We can download the CWRU and MFPT datasets using `download_cwru` and `download_mfpt`, respectively. These functions automatically download each dataset from URLs and return pandas `DataFrame`. `split_dataframe` splits dataframe to train, validation, and test `Dataframe`. `build_from_dataframe` build `numpy.ndarray` dataset by overlapping. In this tutorial, we use the CWRU dataset for training, and the data is generated with the sample length 4,096 and shift size 2,048.

In [None]:
df = fdob.download_cwru("./data/cwru")

# We exclude label named 999 and 0 HP motor load condition.
df = df[(df["label"] != 999) & (df["load"] != 0)]

train_df, val_df, test_df = fdob.split_dataframe(df, 0.6, 0.2)

X_train, y_train = fdob.build_from_dataframe(train_df, 4096, 2048, False)
X_val, y_val = fdob.build_from_dataframe(val_df, 4096, 2048, False)
X_test, y_test = fdob.build_from_dataframe(test_df, 4096, 2048, False)

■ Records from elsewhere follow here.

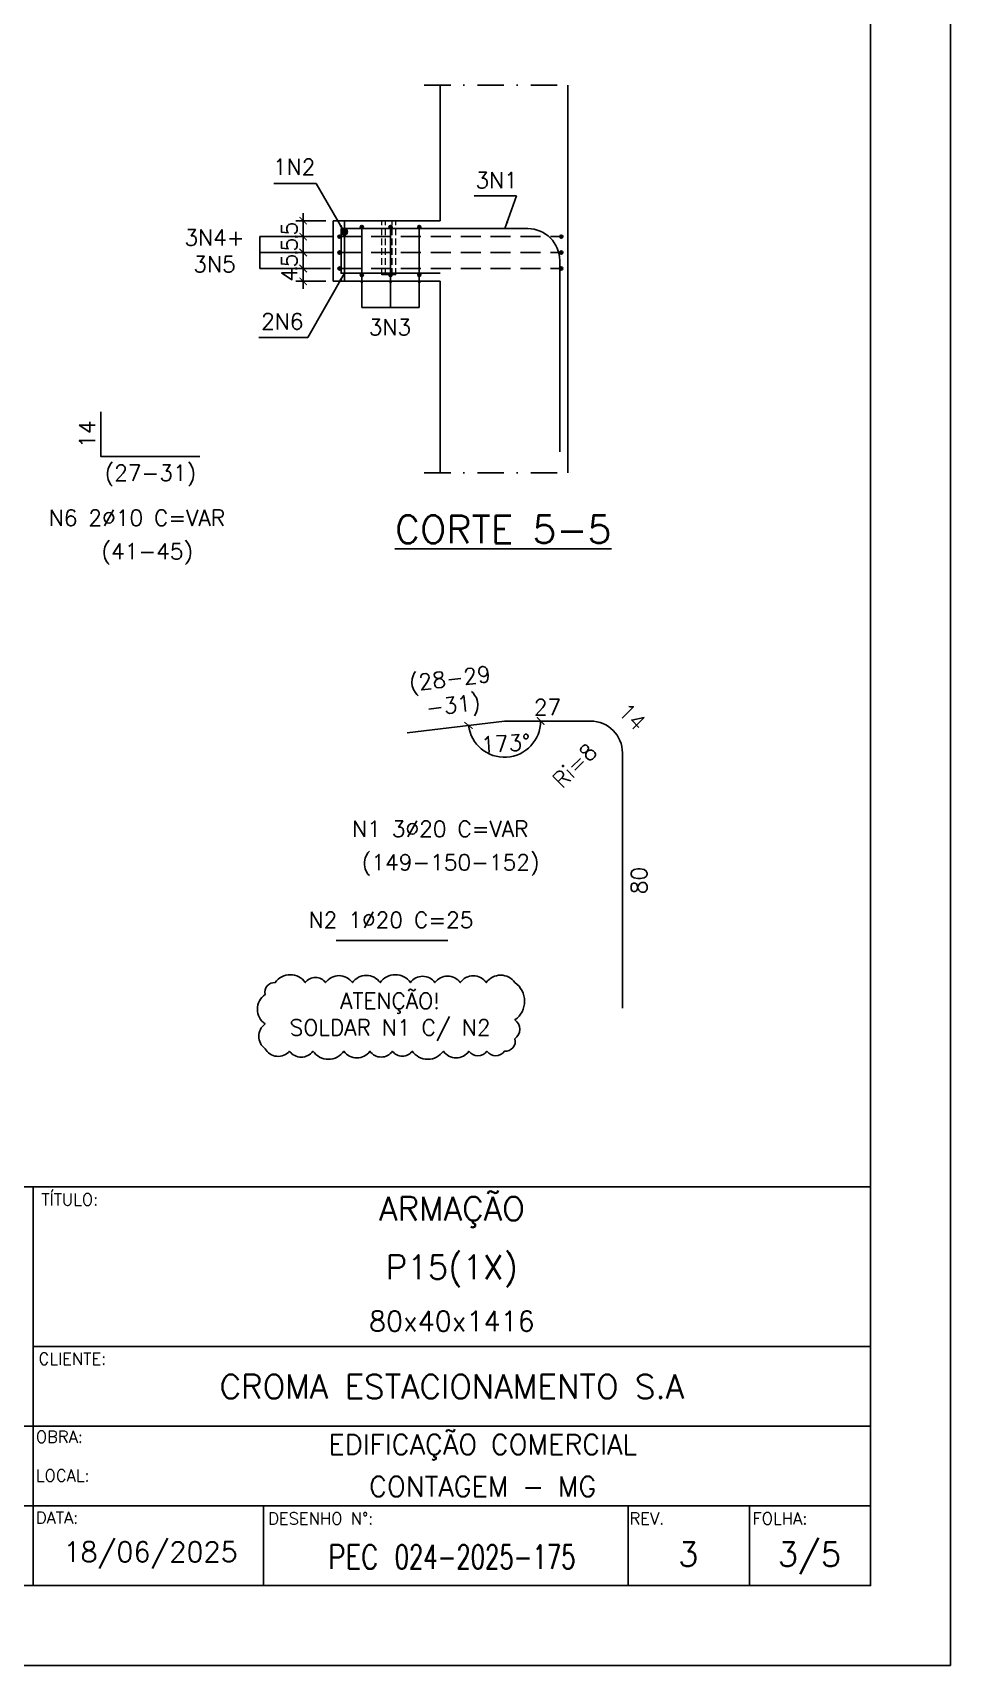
# Model space of a CAD drawing. Header units: centimetres. Extents: x 1658 to 19651, y 8082 to 11444.
# Drawn here: x 13533 to 14396, y 8294 to 9829 of the extents above; entities that cross this region are included whole.
import ezdxf
from ezdxf.enums import TextEntityAlignment as Align

# ---------------------------------------------------------------- set-up
doc = ezdxf.new("R2010")
doc.units = ezdxf.units.CM
doc.header["$LTSCALE"] = 50
doc.header["$MEASUREMENT"] = 0
doc.header["$PDMODE"] = 67
for name, pattern in [('DASHDOT', [1, 0.5, -0.25, 0, -0.25]), ('DASHED', [0.75, 0.5, -0.25]), ('HIDDEN', [0.375, 0.25, -0.125])]:
    doc.linetypes.add(name, pattern=pattern)
doc.layers.add('10 TRACEJADO', color=1, linetype='DASHED', lineweight=13)
for name, color, linetype in [('FORMATO-PRECON', 2, 'Continuous'), ('HACHURAS-PRECON', 1, 'Continuous'), ('LINHA CENTRO-PRECON', 1, 'DASHDOT'), ('LINHA-01-PRECON', 1, 'Continuous'), ('LINHA-02-PRECON', 2, 'Continuous'), ('LINHA-04-PRECON', 4, 'Continuous'), ('X1', 2, 'Continuous')]:
    doc.layers.add(name, color=color, linetype=linetype)
doc.styles.add('PRECON-ROMANS', font='romans.shx')
doc.styles.add('R60', font='ROMANS.shx', dxfattribs={"height": 2})
doc.styles.add('ROMANS', font='ROMANS.SHX', dxfattribs={"oblique": 15, "height": 3})
doc.styles.get("Standard").update_dxf_attribs({"font": 'romans.shx'})
doc.dimstyles.new('ESC50-50', dxfattribs={"dimscale": 50, "dimtxt": 0.2, "dimasz": 0.15, "dimexe": 0.15, "dimexo": 0.15, "dimgap": 0.08, "dimtad": 1, "dimdec": 1, "dimzin": 12, "dimdsep": 46, "dimtxsty": 'Standard', "dimblk": 'ARCHTICK', "dimcen": 0.09, "dimdle": 0.15, "dimclrd": 256, "dimclre": 256, "dimclrt": 2, "dimazin": 3, "dimtfac": 1, "dimtdec": 1, "dimtmove": 1, "dimatfit": 2, "dimfxl": 0.15, "dimtolj": 1, "dimtzin": 0, "dimarcsym": 0})
doc.dimstyles.new('ESC75-25', dxfattribs={"dimscale": 0, "dimtxt": 15, "dimasz": 7, "dimexe": 7, "dimexo": 7, "dimgap": 5.5, "dimtad": 1, "dimdec": 1, "dimlfac": 0.333333, "dimdsep": 46, "dimtxsty": 'Standard', "dimblk": 'ARCHTICK', "dimcen": 0.1, "dimdle": 7, "dimclrd": 256, "dimclre": 256, "dimclrt": 2, "dimadec": 0, "dimazin": 0, "dimtfac": 1, "dimtdec": 1, "dimtix": 1, "dimtmove": 2, "dimatfit": 3, "dimfxl": 1, "dimarcsym": 0})
doc.dimstyles.new('ESC75-75', dxfattribs={"dimscale": 0, "dimtxt": 15, "dimasz": 7, "dimexe": 7, "dimexo": 7, "dimgap": 5.5, "dimtad": 1, "dimdec": 1, "dimdsep": 46, "dimtxsty": 'Standard', "dimblk": 'ARCHTICK', "dimcen": 0.1, "dimdle": 7, "dimclrd": 256, "dimclre": 256, "dimclrt": 2, "dimadec": 0, "dimazin": 0, "dimtfac": 1, "dimtdec": 1, "dimtix": 1, "dimtmove": 2, "dimatfit": 3, "dimfxl": 1, "dimarcsym": 0})

# ---------------------------------------------------------------- blocks, each defined once
blk = doc.blocks.new('A$C2E607E54')
at = {"layer": 'FORMATO-PRECON'}
blk.add_lwpolyline([(0, 4200), (2970, 4200), (2970, 0), (0, 0)], close=True, dxfattribs=at)
at = {"layer": 'FORMATO-PRECON', "color": 6}
blk.add_lwpolyline([(100, 3950), (2870, 3950), (2870, 100), (100, 100)], close=True, dxfattribs=at)
blk = doc.blocks.new('CARIMBO')
at = {"layer": 'FORMATO-PRECON', "color": 6}
for p, q in [((-1050, 0), (-1050, 500)), ((-1050, 300), (0, 300)), ((-1750, 200), (0, 200)), ((-1750, 100), (0, 100)), ((-303.9, 0), (-303.9, 100)), ((-152, 0), (-152, 100))]:
    blk.add_line(p, q, dxfattribs=at)
blk.add_lwpolyline([(-1750, 500), (0, 500), (0, 0), (-1750, 0)], close=True, dxfattribs=at)
blk.add_lwpolyline([(-761.3, 0), (-761.3, 100)], dxfattribs=at)
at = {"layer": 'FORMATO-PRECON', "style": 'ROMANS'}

# Getting the model and preparing `DataLoader`

The models and the initial hyperparameter search spaces for each optimizer used in the paper are in the `info.py` file. `info.model` contains the model, input length of the model, and `transform` of data. `info.hparam` contains the information of the search space of four optimizers, sgd, momentum, RMSProp, and adam. Users can employ the models and hyperparameter search space in the `info.py` but also can use the custom models and search space.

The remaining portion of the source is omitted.